- Record excerpts -
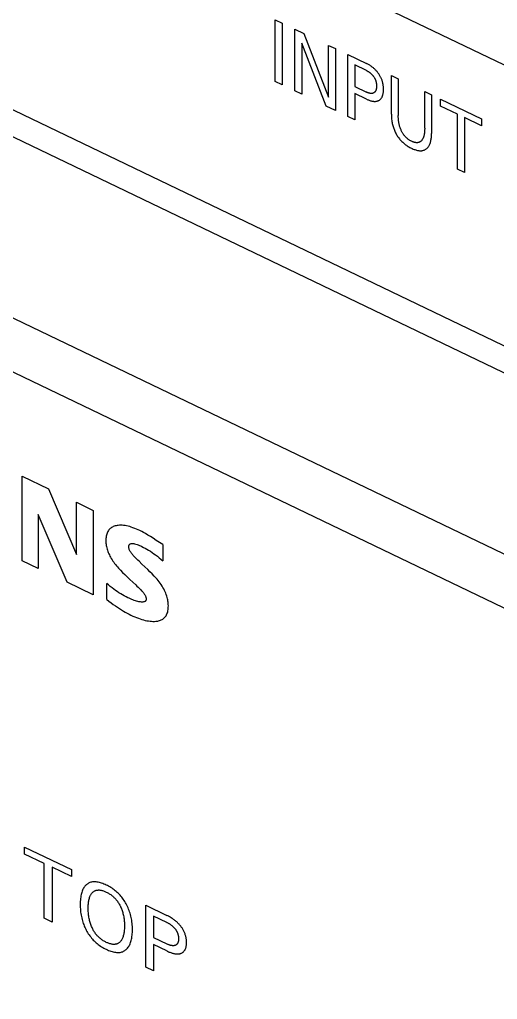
# Model space of a CAD drawing. Extents: x 0 to 420, y 0 to 297.
# Drawn here: x 166.93 to 180.81, y 152.23 to 180.69 of the extents above; entities that cross this region are included whole.
import ezdxf

# ---------------------------------------------------------------- set-up
doc = ezdxf.new("R2010")
doc.units = 0
doc.header["$LTSCALE"] = 23.1
doc.layers.add('40000_ISO', color=7, linetype='CONTINUOUS')

msp = doc.modelspace()

# ---------------------------------------------------------------- linework, layer by layer
at = {"layer": '40000_ISO', "color": 7, "linetype": 'CONTINUOUS'}
for p, q in [((210.089, 165.387), (156.678, 191.06)), ((210.089, 157.221), (156.678, 182.895)), ((209.769, 156.591), (156.358, 182.265)), ((174.353, 178.89), (174.353, 180.686)), ((174.353, 180.686), (174.555, 180.589)), ((174.555, 180.589), (174.555, 178.793)), ((174.924, 178.616), (174.924, 180.412)), ((174.924, 180.412), (175.185, 180.286)), ((175.185, 180.286), (175.904, 178.435)), ((175.124, 180.009), (175.124, 178.519)), ((175.834, 178.178), (175.124, 180.009)), ((175.904, 178.435), (175.904, 179.941)), ((175.904, 179.941), (176.104, 179.845)), ((176.104, 179.845), (176.104, 178.048)), ((176.464, 177.875), (176.464, 179.671)), ((176.464, 179.671), (176.999, 179.414)), ((176.666, 179.371), (176.666, 178.744)), ((176.999, 179.21), (176.666, 179.371)), ((177.019, 179.405), (176.999, 179.414)), ((177.038, 179.394), (177.019, 179.405)), ((177.058, 179.384), (177.038, 179.394)), ((177.077, 179.373), (177.058, 179.384)), ((177.096, 179.361), (177.077, 179.373)), ((177.116, 179.349), (177.096, 179.361)), ((177.135, 179.336), (177.116, 179.349)), ((177.152, 179.323), (177.135, 179.336)), ((151.879, 179.159), (205.29, 153.486)), ((176.999, 179.21), (177.011, 179.205)), ((177.011, 179.205), (177.023, 179.199)), ((177.023, 179.199), (177.035, 179.192)), ((177.035, 179.192), (177.046, 179.185)), ((177.046, 179.185), (177.058, 179.178)), ((177.058, 179.178), (177.07, 179.171)), ((177.07, 179.171), (177.081, 179.163)), ((177.081, 179.163), (177.092, 179.156)), ((177.092, 179.156), (177.102, 179.148)), ((177.102, 179.148), (177.112, 179.14)), ((177.112, 179.14), (177.122, 179.132)), ((177.122, 179.132), (177.132, 179.123)), ((177.132, 179.123), (177.142, 179.114)), ((177.142, 179.114), (177.151, 179.105)), ((177.151, 179.105), (177.16, 179.096)), ((177.169, 179.311), (177.152, 179.323)), ((177.16, 179.096), (177.169, 179.087)), ((177.186, 179.298), (177.169, 179.311)), ((177.169, 179.087), (177.177, 179.078)), ((177.177, 179.078), (177.185, 179.068)), ((177.185, 179.068), (177.193, 179.058)), ((177.203, 179.284), (177.186, 179.298)), ((177.193, 179.058), (177.201, 179.048)), ((177.201, 179.048), (177.209, 179.037)), ((177.219, 179.27), (177.203, 179.284)), ((177.235, 179.255), (177.219, 179.27)), ((177.251, 179.24), (177.235, 179.255)), ((177.266, 179.225), (177.251, 179.24)), ((177.281, 179.21), (177.266, 179.225)), ((177.295, 179.194), (177.281, 179.21)), ((177.309, 179.178), (177.295, 179.194)), ((177.322, 179.161), (177.309, 179.178)), ((177.336, 179.144), (177.322, 179.161)), ((177.348, 179.127), (177.336, 179.144)), ((177.36, 179.11), (177.348, 179.127)), ((177.372, 179.092), (177.36, 179.11)), ((177.383, 179.075), (177.372, 179.092)), ((177.393, 179.057), (177.383, 179.075)), ((177.404, 179.039), (177.393, 179.057)), ((177.726, 177.946), (177.726, 179.065)), ((177.726, 179.065), (177.927, 178.968)), ((174.555, 178.793), (174.353, 178.89)), ((177.209, 179.037), (177.217, 179.025)), ((177.217, 179.025), (177.224, 179.013)), ((177.224, 179.013), (177.232, 179.001)), ((177.232, 179.001), (177.239, 178.989)), ((177.239, 178.989), (177.245, 178.977)), ((177.245, 178.977), (177.251, 178.964)), ((177.251, 178.964), (177.257, 178.951)), ((177.257, 178.951), (177.262, 178.94)), ((177.262, 178.94), (177.266, 178.928)), ((177.266, 178.928), (177.27, 178.916)), ((177.27, 178.916), (177.274, 178.905)), ((177.274, 178.905), (177.277, 178.893)), ((177.277, 178.893), (177.28, 178.881)), ((177.28, 178.881), (177.283, 178.87)), ((177.283, 178.87), (177.286, 178.858)), ((177.286, 178.858), (177.288, 178.845)), ((177.288, 178.845), (177.29, 178.832)), ((177.29, 178.832), (177.292, 178.82)), ((177.292, 178.82), (177.293, 178.807)), ((177.293, 178.807), (177.294, 178.794)), ((177.294, 178.794), (177.295, 178.782)), ((177.295, 178.782), (177.295, 178.77)), ((177.295, 178.77), (177.295, 178.758)), ((177.295, 178.758), (177.295, 178.744)), ((177.413, 179.021), (177.404, 179.039)), ((177.422, 179.003), (177.413, 179.021)), ((177.431, 178.984), (177.422, 179.003)), ((177.439, 178.965), (177.431, 178.984)), ((177.447, 178.945), (177.439, 178.965)), ((177.454, 178.926), (177.447, 178.945)), ((177.46, 178.907), (177.454, 178.926)), ((177.466, 178.887), (177.46, 178.907)), ((177.471, 178.868), (177.466, 178.887)), ((177.476, 178.849), (177.471, 178.868)), ((177.48, 178.83), (177.476, 178.849)), ((177.484, 178.808), (177.48, 178.83)), ((177.488, 178.787), (177.484, 178.808)), ((177.49, 178.766), (177.488, 178.787)), ((177.493, 178.745), (177.49, 178.766)), ((177.927, 178.968), (177.927, 177.903)), ((175.124, 178.519), (174.924, 178.616)), ((176.666, 178.744), (176.999, 178.584)), ((176.666, 178.541), (176.666, 177.778)), ((176.999, 178.38), (176.666, 178.541)), ((177.011, 178.579), (176.999, 178.584)), ((177.023, 178.573), (177.011, 178.579)), ((177.035, 178.568), (177.023, 178.573)), ((177.047, 178.564), (177.035, 178.568)), ((177.058, 178.56), (177.047, 178.564)), ((177.07, 178.556), (177.058, 178.56)), ((177.082, 178.553), (177.07, 178.556)), ((177.092, 178.55), (177.082, 178.553)), ((177.103, 178.548), (177.092, 178.55)), ((177.113, 178.546), (177.103, 178.548)), ((177.123, 178.545), (177.113, 178.546)), ((177.133, 178.544), (177.123, 178.545)), ((177.142, 178.544), (177.133, 178.544)), ((177.152, 178.544), (177.142, 178.544)), ((177.161, 178.545), (177.152, 178.544)), ((177.17, 178.546), (177.161, 178.545)), ((177.178, 178.547), (177.17, 178.546)), ((177.186, 178.549), (177.178, 178.547)), ((177.194, 178.552), (177.186, 178.549)), ((177.202, 178.555), (177.194, 178.552)), ((177.21, 178.558), (177.202, 178.555)), ((177.218, 178.562), (177.21, 178.558)), ((177.225, 178.567), (177.218, 178.562)), ((177.232, 178.572), (177.225, 178.567)), ((177.239, 178.578), (177.232, 178.572)), ((177.246, 178.585), (177.239, 178.578)), ((177.252, 178.591), (177.246, 178.585)), ((177.257, 178.599), (177.252, 178.591)), ((177.262, 178.606), (177.257, 178.599)), ((177.266, 178.613), (177.262, 178.606)), ((177.27, 178.621), (177.266, 178.613)), ((177.274, 178.63), (177.27, 178.621)), ((177.278, 178.638), (177.274, 178.63)), ((177.281, 178.647), (177.278, 178.638)), ((177.283, 178.656), (177.281, 178.647)), ((177.286, 178.665), (177.283, 178.656)), ((177.288, 178.678), (177.286, 178.665)), ((177.291, 178.69), (177.288, 178.678)), ((177.292, 178.703), (177.291, 178.69)), ((177.294, 178.716), (177.292, 178.703)), ((177.295, 178.73), (177.294, 178.716)), ((177.295, 178.744), (177.295, 178.73)), ((177.466, 178.465), (177.471, 178.48)), ((177.471, 178.48), (177.476, 178.495)), ((177.476, 178.495), (177.48, 178.51)), ((177.48, 178.51), (177.484, 178.528)), ((177.484, 178.528), (177.488, 178.546)), ((177.488, 178.546), (177.49, 178.565)), ((177.49, 178.565), (177.493, 178.584)), ((177.494, 178.724), (177.493, 178.745)), ((177.493, 178.584), (177.494, 178.604)), ((177.496, 178.704), (177.494, 178.724)), ((177.494, 178.604), (177.496, 178.623)), ((177.496, 178.683), (177.496, 178.704)), ((177.496, 178.663), (177.496, 178.683)), ((177.496, 178.643), (177.496, 178.663)), ((177.496, 178.623), (177.496, 178.643)), ((178.693, 177.534), (178.693, 178.6)), ((178.693, 178.6), (178.893, 178.504)), ((178.893, 178.504), (178.893, 177.385)), ((176.999, 178.38), (177.019, 178.371)), ((177.019, 178.371), (177.039, 178.362)), ((177.039, 178.362), (177.058, 178.354)), ((177.058, 178.354), (177.078, 178.347)), ((177.078, 178.347), (177.098, 178.34)), ((177.098, 178.34), (177.117, 178.334)), ((177.117, 178.334), (177.136, 178.328)), ((177.136, 178.328), (177.154, 178.324)), ((177.154, 178.324), (177.171, 178.32)), ((177.171, 178.32), (177.188, 178.317)), ((177.188, 178.317), (177.205, 178.315)), ((177.205, 178.315), (177.221, 178.314)), ((177.221, 178.314), (177.237, 178.313)), ((177.237, 178.313), (177.254, 178.313)), ((177.254, 178.313), (177.268, 178.314)), ((177.268, 178.314), (177.283, 178.316)), ((177.283, 178.316), (177.297, 178.318)), ((177.297, 178.318), (177.311, 178.321)), ((177.311, 178.321), (177.325, 178.325)), ((177.325, 178.325), (177.338, 178.33)), ((177.338, 178.33), (177.35, 178.335)), ((177.35, 178.335), (177.364, 178.342)), ((177.364, 178.342), (177.377, 178.349)), ((177.377, 178.349), (177.389, 178.358)), ((177.389, 178.358), (177.401, 178.367)), ((177.401, 178.367), (177.412, 178.378)), ((177.412, 178.378), (177.422, 178.389)), ((177.422, 178.389), (177.432, 178.401)), ((177.432, 178.401), (177.44, 178.413)), ((177.44, 178.413), (177.447, 178.425)), ((177.447, 178.425), (177.454, 178.438)), ((177.454, 178.438), (177.461, 178.451)), ((177.461, 178.451), (177.466, 178.465)), ((179.153, 178.175), (179.153, 178.379)), ((179.153, 178.379), (180.34, 177.808)), ((176.104, 178.048), (175.834, 178.178)), ((177.726, 177.946), (177.726, 177.916)), ((177.726, 177.916), (177.727, 177.885)), ((177.927, 177.877), (177.927, 177.903)), ((179.646, 177.938), (179.153, 178.175)), ((179.646, 176.346), (179.646, 177.938)), ((151.239, 177.899), (204.65, 152.225)), ((176.666, 177.778), (176.464, 177.875)), ((177.727, 177.885), (177.729, 177.854)), ((177.729, 177.854), (177.731, 177.823)), ((177.731, 177.823), (177.734, 177.792)), ((177.734, 177.792), (177.738, 177.76)), ((177.738, 177.76), (177.743, 177.728)), ((177.743, 177.728), (177.748, 177.7)), ((177.748, 177.7), (177.753, 177.672)), ((177.753, 177.672), (177.76, 177.643)), ((177.76, 177.643), (177.767, 177.615)), ((177.928, 177.85), (177.927, 177.877)), ((177.929, 177.824), (177.928, 177.85)), ((177.931, 177.797), (177.929, 177.824)), ((177.934, 177.77), (177.931, 177.797)), ((177.937, 177.743), (177.934, 177.77)), ((177.94, 177.723), (177.937, 177.743)), ((177.943, 177.702), (177.94, 177.723)), ((177.946, 177.681), (177.943, 177.702)), ((177.951, 177.66), (177.946, 177.681)), ((177.955, 177.639), (177.951, 177.66)), ((177.96, 177.618), (177.955, 177.639)), ((177.966, 177.597), (177.96, 177.618)), ((179.847, 177.841), (179.847, 176.249)), ((180.34, 177.604), (179.847, 177.841)), ((180.34, 177.808), (180.34, 177.604)), ((177.767, 177.615), (177.775, 177.586)), ((177.775, 177.586), (177.784, 177.557)), ((177.784, 177.557), (177.794, 177.528)), ((177.794, 177.528), (177.803, 177.502)), ((177.803, 177.502), (177.814, 177.475)), ((177.814, 177.475), (177.825, 177.449)), ((177.825, 177.449), (177.837, 177.423)), ((177.837, 177.423), (177.85, 177.397)), ((177.85, 177.397), (177.864, 177.371)), ((177.864, 177.371), (177.879, 177.346)), ((177.879, 177.346), (177.893, 177.322)), ((177.971, 177.578), (177.966, 177.597)), ((177.977, 177.559), (177.971, 177.578)), ((177.984, 177.54), (177.977, 177.559)), ((177.991, 177.521), (177.984, 177.54)), ((177.998, 177.502), (177.991, 177.521)), ((178.006, 177.483), (177.998, 177.502)), ((178.015, 177.465), (178.006, 177.483)), ((178.023, 177.448), (178.015, 177.465)), ((178.031, 177.431), (178.023, 177.448)), ((178.04, 177.414), (178.031, 177.431)), ((178.049, 177.398), (178.04, 177.414)), ((178.059, 177.382), (178.049, 177.398)), ((178.07, 177.366), (178.059, 177.382)), ((178.08, 177.35), (178.07, 177.366)), ((178.091, 177.335), (178.08, 177.35)), ((178.103, 177.321), (178.091, 177.335)), ((178.678, 177.348), (178.674, 177.331)), ((178.681, 177.366), (178.678, 177.348)), ((178.684, 177.383), (178.681, 177.366)), ((178.687, 177.408), (178.684, 177.383)), ((178.689, 177.432), (178.687, 177.408)), ((178.691, 177.457), (178.689, 177.432)), ((178.692, 177.483), (178.691, 177.457)), ((178.693, 177.508), (178.692, 177.483)), ((178.693, 177.534), (178.693, 177.508)), ((178.892, 177.325), (178.893, 177.355)), ((178.893, 177.355), (178.893, 177.385)), ((177.893, 177.322), (177.908, 177.298)), ((177.908, 177.298), (177.924, 177.275)), ((177.924, 177.275), (177.941, 177.252)), ((177.941, 177.252), (177.958, 177.23)), ((177.958, 177.23), (177.976, 177.208)), ((177.976, 177.208), (177.994, 177.187)), ((177.994, 177.187), (178.014, 177.166)), ((178.014, 177.166), (178.033, 177.146)), ((178.033, 177.146), (178.054, 177.126)), ((178.054, 177.126), (178.074, 177.107)), ((178.074, 177.107), (178.095, 177.089)), ((178.095, 177.089), (178.116, 177.072)), ((178.114, 177.307), (178.103, 177.321)), ((178.126, 177.293), (178.114, 177.307)), ((178.116, 177.072), (178.138, 177.056)), ((178.138, 177.28), (178.126, 177.293)), ((178.151, 177.267), (178.138, 177.28)), ((178.138, 177.056), (178.162, 177.038)), ((178.164, 177.255), (178.151, 177.267)), ((178.177, 177.243), (178.164, 177.255)), ((178.19, 177.232), (178.177, 177.243)), ((178.205, 177.22), (178.19, 177.232)), ((178.22, 177.209), (178.205, 177.22)), ((178.235, 177.199), (178.22, 177.209)), ((178.25, 177.189), (178.235, 177.199)), ((178.265, 177.18), (178.25, 177.189)), ((178.28, 177.171), (178.265, 177.18)), ((178.295, 177.163), (178.28, 177.171)), ((178.311, 177.156), (178.295, 177.163)), ((178.326, 177.148), (178.311, 177.156)), ((178.341, 177.142), (178.326, 177.148)), ((178.357, 177.136), (178.341, 177.142)), ((178.372, 177.13), (178.357, 177.136)), ((178.387, 177.126), (178.372, 177.13)), ((178.402, 177.122), (178.387, 177.126)), ((178.417, 177.118), (178.402, 177.122)), ((178.432, 177.116), (178.417, 177.118)), ((178.445, 177.114), (178.432, 177.116)), ((178.458, 177.114), (178.445, 177.114)), ((178.471, 177.113), (178.458, 177.114)), ((178.483, 177.114), (178.471, 177.113)), ((178.496, 177.115), (178.483, 177.114)), ((178.507, 177.118), (178.496, 177.115)), ((178.519, 177.12), (178.507, 177.118)), ((178.53, 177.124), (178.519, 177.12)), ((178.541, 177.129), (178.53, 177.124)), ((178.552, 177.134), (178.541, 177.129)), ((178.562, 177.14), (178.552, 177.134)), ((178.572, 177.147), (178.562, 177.14)), ((178.581, 177.154), (178.572, 177.147)), ((178.59, 177.162), (178.581, 177.154)), ((178.599, 177.171), (178.59, 177.162)), ((178.607, 177.18), (178.599, 177.171)), ((178.615, 177.191), (178.607, 177.18)), ((178.623, 177.202), (178.615, 177.191)), ((178.63, 177.214), (178.623, 177.202)), ((178.637, 177.226), (178.63, 177.214)), ((178.643, 177.239), (178.637, 177.226)), ((178.649, 177.252), (178.643, 177.239)), ((178.655, 177.265), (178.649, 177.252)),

- Exercise -
Which lines in the records above contain the word "CONTINUOUS"? Copy each one.

- Result of this exercise -
doc.layers.add('40000_ISO', color=7, linetype='CONTINUOUS')
at = {"layer": '40000_ISO', "color": 7, "linetype": 'CONTINUOUS'}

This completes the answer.